# mini pigs



## Catherine896 (Jul 27, 2007)

Someone on here has a mini pig..... Who is it lol?

Ive searched through google for info but cant find anything on them.

How big do they get?


----------



## gecko-kus (Aug 15, 2007)

what the hell are they? sounds interesting!


----------



## Catherine896 (Jul 27, 2007)

A mini pig lol! I think they stay the same size or smaller than a cat.
I want one lol!


----------



## gecko-kus (Aug 15, 2007)

oh like proper pigs??? sounds cool... I think I might have seen one can't remember where tho. Think it was on some programme about pets in USA. Very cute tho... I think you can house train them and teach them tricks.


----------



## derbyleighton (Sep 10, 2007)

ive never seen any for sale but there the ones jonathan ross brought 2 off smallest pigs in the world


----------



## Catherine896 (Jul 27, 2007)

Yeah thats all I could find online was that he had some. I think they were bred somewhere in devon.


----------



## Alice (Apr 30, 2007)

Are they Kune Kunes (sp)?


----------



## Nerys (Apr 18, 2005)

PetStreet - Fancy a mini-pig

BBC NEWS | England | Devon | Mini pigs are big success on farm



















The BBC reports that a Devon fun farm is reaping the rewards of a nine-year breeding programme for miniature pigs.
The pigs, which are about a fifth of the size of ordinary pigs, have been a hit with visitors at Pennywell Farm.
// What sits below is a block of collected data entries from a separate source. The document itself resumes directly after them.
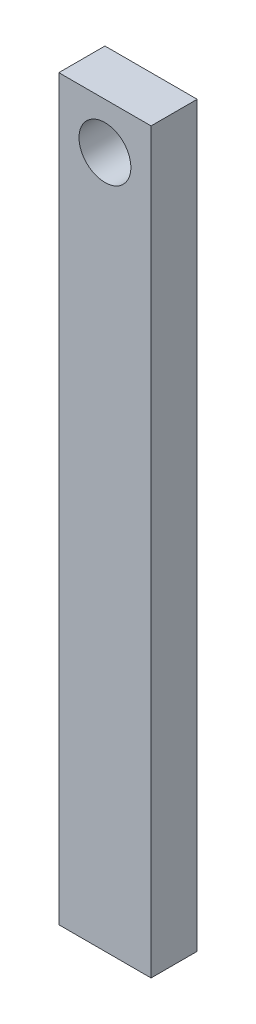
ISO-10303-21;
HEADER;
FILE_DESCRIPTION(('STEP AP214'),'2;1');
FILE_NAME('part.step','',(''),(''),'','','');
FILE_SCHEMA(('AUTOMOTIVE_DESIGN { 1 0 10303 214 1 1 1 1 }'));
ENDSEC;
DATA;
#1=APPLICATION_CONTEXT('core data for automotive mechanical design processes');
#2=APPLICATION_PROTOCOL_DEFINITION('international standard','automotive_design',2000,#1);
#3=PRODUCT_CONTEXT('',#1,'mechanical');
#4=PRODUCT('Part','Part','',(#3));
#5=PRODUCT_RELATED_PRODUCT_CATEGORY('part','',(#4));
#6=PRODUCT_DEFINITION_FORMATION('','',#4);
#7=PRODUCT_DEFINITION_CONTEXT('part definition',#1,'design');
#8=PRODUCT_DEFINITION('design','',#6,#7);
#9=PRODUCT_DEFINITION_SHAPE('','',#8);
#10=(LENGTH_UNIT() NAMED_UNIT(*) SI_UNIT(.MILLI.,.METRE.));
#11=(NAMED_UNIT(*) PLANE_ANGLE_UNIT() SI_UNIT($,.RADIAN.));
#12=(NAMED_UNIT(*) SI_UNIT($,.STERADIAN.) SOLID_ANGLE_UNIT());
#13=UNCERTAINTY_MEASURE_WITH_UNIT(LENGTH_MEASURE(1.E-05),#10,'distance_accuracy_value','');
#14=(GEOMETRIC_REPRESENTATION_CONTEXT(3) GLOBAL_UNCERTAINTY_ASSIGNED_CONTEXT((#13)) GLOBAL_UNIT_ASSIGNED_CONTEXT((#10,
#11,#12)) REPRESENTATION_CONTEXT('',''));
#15=CARTESIAN_POINT('',(0.,0.,0.));
#16=DIRECTION('',(0.,0.,1.));
#17=DIRECTION('',(1.,0.,0.));
#18=AXIS2_PLACEMENT_3D('',#15,#16,#17);
#19=CARTESIAN_POINT('',(0.,0.,25.4));
#20=DIRECTION('',(0.,0.,-1.));
#21=DIRECTION('',(-1.,0.,0.));
#22=AXIS2_PLACEMENT_3D('',#19,#20,#21);
#23=PLANE('',#22);
#24=DIRECTION('',(0.,-1.,0.));
#25=VECTOR('',#24,1.);
#26=CARTESIAN_POINT('',(0.,0.,25.4));
#27=LINE('',#26,#25);
#28=CARTESIAN_POINT('',(0.,406.4,25.4));
#29=VERTEX_POINT('',#28);
#30=CARTESIAN_POINT('',(0.,0.,25.4));
#31=VERTEX_POINT('',#30);
#32=EDGE_CURVE('E93',#29,#31,#27,.T.);
#33=ORIENTED_EDGE('',*,*,#32,.T.);
#34=DIRECTION('',(1.,0.,0.));
#35=VECTOR('',#34,1.);
#36=CARTESIAN_POINT('',(0.,0.,25.4));
#37=LINE('',#36,#35);
#38=CARTESIAN_POINT('',(50.8,0.,25.4));
#39=VERTEX_POINT('',#38);
#40=EDGE_CURVE('E88',#31,#39,#37,.T.);
#41=ORIENTED_EDGE('',*,*,#40,.T.);
#42=DIRECTION('',(0.,1.,0.));
#43=VECTOR('',#42,1.);
#44=CARTESIAN_POINT('',(50.8,0.,25.4));
#45=LINE('',#44,#43);
#46=CARTESIAN_POINT('',(50.8,406.4,25.4));
#47=VERTEX_POINT('',#46);
#48=EDGE_CURVE('E91',#39,#47,#45,.T.);
#49=ORIENTED_EDGE('',*,*,#48,.T.);
#50=DIRECTION('',(-1.,0.,0.));
#51=VECTOR('',#50,1.);
#52=CARTESIAN_POINT('',(0.,406.4,25.4));
#53=LINE('',#52,#51);
#54=EDGE_CURVE('E58',#47,#29,#53,.T.);
#55=ORIENTED_EDGE('',*,*,#54,.T.);
#56=EDGE_LOOP('',(#33,#41,#49,#55));
#57=FACE_BOUND('',#56,.T.);
#58=CARTESIAN_POINT('',(25.4,381.,25.4));
#59=DIRECTION('',(0.,0.,1.));
#60=DIRECTION('',(1.,0.,0.));
#61=AXIS2_PLACEMENT_3D('',#58,#59,#60);
#62=CIRCLE('',#61,14.2875);
#63=CARTESIAN_POINT('',(39.6875,381.,25.4));
#64=VERTEX_POINT('',#63);
#65=EDGE_CURVE('E108',#64,#64,#62,.T.);
#66=ORIENTED_EDGE('',*,*,#65,.F.);
#67=EDGE_LOOP('',(#66));
#68=FACE_BOUND('',#67,.T.);
#69=ADVANCED_FACE('F41',(#57,#68),#23,.F.);
#70=CARTESIAN_POINT('',(0.,0.,0.));
#71=DIRECTION('',(0.,0.,-1.));
#72=DIRECTION('',(-1.,0.,0.));
#73=AXIS2_PLACEMENT_3D('',#70,#71,#72);
#74=PLANE('',#73);
#75=DIRECTION('',(0.,-1.,0.));
#76=VECTOR('',#75,1.);
#77=CARTESIAN_POINT('',(0.,0.,0.));
#78=LINE('',#77,#76);
#79=CARTESIAN_POINT('',(0.,406.4,0.));
#80=VERTEX_POINT('',#79);
#81=CARTESIAN_POINT('',(0.,0.,0.));
#82=VERTEX_POINT('',#81);
#83=EDGE_CURVE('E105',#80,#82,#78,.T.);
#84=ORIENTED_EDGE('',*,*,#83,.F.);
#85=DIRECTION('',(-1.,0.,0.));
#86=VECTOR('',#85,1.);
#87=CARTESIAN_POINT('',(0.,406.4,0.));
#88=LINE('',#87,#86);
#89=CARTESIAN_POINT('',(50.8,406.4,0.));
#90=VERTEX_POINT('',#89);
#91=EDGE_CURVE('E81',#90,#80,#88,.T.);
#92=ORIENTED_EDGE('',*,*,#91,.F.);
#93=DIRECTION('',(0.,1.,0.));
#94=VECTOR('',#93,1.);
#95=CARTESIAN_POINT('',(50.8,0.,0.));
#96=LINE('',#95,#94);
#97=CARTESIAN_POINT('',(50.8,0.,0.));
#98=VERTEX_POINT('',#97);
#99=EDGE_CURVE('E75',#98,#90,#96,.T.);
#100=ORIENTED_EDGE('',*,*,#99,.F.);
#101=DIRECTION('',(1.,0.,0.));
#102=VECTOR('',#101,1.);
#103=CARTESIAN_POINT('',(0.,0.,0.));
#104=LINE('',#103,#102);
#105=EDGE_CURVE('E97',#82,#98,#104,.T.);
#106=ORIENTED_EDGE('',*,*,#105,.F.);
#107=EDGE_LOOP('',(#84,#92,#100,#106));
#108=FACE_BOUND('',#107,.T.);
#109=CARTESIAN_POINT('',(25.4,381.,0.));
#110=DIRECTION('',(0.,0.,1.));
#111=DIRECTION('',(1.,0.,0.));
#112=AXIS2_PLACEMENT_3D('',#109,#110,#111);
#113=CIRCLE('',#112,14.2875);
#114=CARTESIAN_POINT('',(39.6875,381.,0.));
#115=VERTEX_POINT('',#114);
#116=EDGE_CURVE('E120',#115,#115,#113,.T.);
#117=ORIENTED_EDGE('',*,*,#116,.T.);
#118=EDGE_LOOP('',(#117));
#119=FACE_BOUND('',#118,.T.);
#120=ADVANCED_FACE('F116',(#108,#119),#74,.T.);
#121=CARTESIAN_POINT('',(0.,0.,25.4));
#122=DIRECTION('',(1.,0.,0.));
#123=DIRECTION('',(0.,0.,-1.));
#124=AXIS2_PLACEMENT_3D('',#121,#122,#123);
#125=PLANE('',#124);
#126=ORIENTED_EDGE('',*,*,#83,.T.);
#127=DIRECTION('',(0.,0.,-1.));
#128=VECTOR('',#127,1.);
#129=CARTESIAN_POINT('',(0.,0.,25.4));
#130=LINE('',#129,#128);
#131=EDGE_CURVE('E11',#31,#82,#130,.T.);
#132=ORIENTED_EDGE('',*,*,#131,.F.);
#133=ORIENTED_EDGE('',*,*,#32,.F.);
#134=DIRECTION('',(0.,0.,-1.));
#135=VECTOR('',#134,1.);
#136=CARTESIAN_POINT('',(0.,406.4,25.4));
#137=LINE('',#136,#135);
#138=EDGE_CURVE('E101',#29,#80,#137,.T.);
#139=ORIENTED_EDGE('',*,*,#138,.T.);
#140=EDGE_LOOP('',(#126,#132,#133,#139));
#141=FACE_BOUND('',#140,.T.);
#142=ADVANCED_FACE('F43',(#141),#125,.F.);
#143=CARTESIAN_POINT('',(0.,0.,25.4));
#144=DIRECTION('',(0.,1.,0.));
#145=DIRECTION('',(0.,0.,1.));
#146=AXIS2_PLACEMENT_3D('',#143,#144,#145);
#147=PLANE('',#146);
#148=ORIENTED_EDGE('',*,*,#105,.T.);
#149=DIRECTION('',(0.,0.,-1.));
#150=VECTOR('',#149,1.);
#151=CARTESIAN_POINT('',(50.8,0.,25.4));
#152=LINE('',#151,#150);
#153=EDGE_CURVE('E50',#39,#98,#152,.T.);
#154=ORIENTED_EDGE('',*,*,#153,.F.);
#155=ORIENTED_EDGE('',*,*,#40,.F.);
#156=ORIENTED_EDGE('',*,*,#131,.T.);
#157=EDGE_LOOP('',(#148,#154,#155,#156));
#158=FACE_BOUND('',#157,.T.);
#159=ADVANCED_FACE('F96',(#158),#147,.F.);
#160=CARTESIAN_POINT('',(50.8,0.,25.4));
#161=DIRECTION('',(-1.,0.,0.));
#162=DIRECTION('',(0.,0.,1.));
#163=AXIS2_PLACEMENT_3D('',#160,#161,#162);
#164=PLANE('',#163);
#165=ORIENTED_EDGE('',*,*,#99,.T.);
#166=DIRECTION('',(0.,0.,-1.));
#167=VECTOR('',#166,1.);
#168=CARTESIAN_POINT('',(50.8,406.4,25.4));
#169=LINE('',#168,#167);
#170=EDGE_CURVE('E98',#47,#90,#169,.T.);
#171=ORIENTED_EDGE('',*,*,#170,.F.);
#172=ORIENTED_EDGE('',*,*,#48,.F.);
#173=ORIENTED_EDGE('',*,*,#153,.T.);
#174=EDGE_LOOP('',(#165,#171,#172,#173));
#175=FACE_BOUND('',#174,.T.);
#176=ADVANCED_FACE('F99',(#175),#164,.F.);
#177=CARTESIAN_POINT('',(0.,406.4,25.4));
#178=DIRECTION('',(0.,-1.,0.));
#179=DIRECTION('',(0.,0.,-1.));
#180=AXIS2_PLACEMENT_3D('',#177,#178,#179);
#181=PLANE('',#180);
#182=ORIENTED_EDGE('',*,*,#91,.T.);
#183=ORIENTED_EDGE('',*,*,#138,.F.);
#184=ORIENTED_EDGE('',*,*,#54,.F.);
#185=ORIENTED_EDGE('',*,*,#170,.T.);
#186=EDGE_LOOP('',(#182,#183,#184,#185));
#187=FACE_BOUND('',#186,.T.);
#188=ADVANCED_FACE('F113',(#187),#181,.F.);
#189=CARTESIAN_POINT('',(25.4,381.,25.4));
#190=DIRECTION('',(0.,0.,-1.));
#191=DIRECTION('',(-1.,0.,0.));
#192=AXIS2_PLACEMENT_3D('',#189,#190,#191);
#193=CYLINDRICAL_SURFACE('',#192,14.2875);
#194=ORIENTED_EDGE('',*,*,#65,.T.);
#195=EDGE_LOOP('',(#194));
#196=FACE_BOUND('',#195,.T.);
#197=ORIENTED_EDGE('',*,*,#116,.F.);
#198=EDGE_LOOP('',(#197));
#199=FACE_BOUND('',#198,.T.);
#200=ADVANCED_FACE('F126',(#196,#199),#193,.F.);
#201=CLOSED_SHELL('',(#69,#120,#142,#159,#176,#188,#200));
#202=MANIFOLD_SOLID_BREP('B2',#201);
#203=ADVANCED_BREP_SHAPE_REPRESENTATION('',(#18,#202),#14);
#204=SHAPE_DEFINITION_REPRESENTATION(#9,#203);
ENDSEC;
END-ISO-10303-21;

TV celebrity Jonathan Ross bought two of the pint-sized porkers as pets at £150 each and there have even been offers from as far away as Australia.

The pocket pigs are a variant of the rare kune kune breed, which is native to New Zealand.

Chris Murray, co-owner of the farm near Buckfastleigh, began cross-breeding the pigs nine years ago and believes he has the perfect pet pig.

Off menu

He said: "Pigs are very cute when they are young, but they outgrow a home environment and can be aggressive when they get older.

"These pigs are just at home indoors or outdoors."

Some pet pigs, such as the Vietnamese pot-bellied variety, have been brought for their cute appeal in the past.

But they fell out of fashion when people began to realise how difficult they were to look after when they reach full size.

There are no big surprises in store for anyone who falls for the Pennywell miniatures.

An average adult pig weighs about 500kg (1,102lb), but the mini pigs weigh only 70kg (154lb).

The world's smallest pig is thought to be the 28in-long wild pygmy hog, an endangered species which lives in wildlife sanctuaries in Assam, India.

Mr Murray said: "They are easy to house train and have a good temperament.

"A sow would normally snap at you if you picked up one of her litter, but these are amazingly content."

Mr Murray doubts if they will be appearing on restaurant menus.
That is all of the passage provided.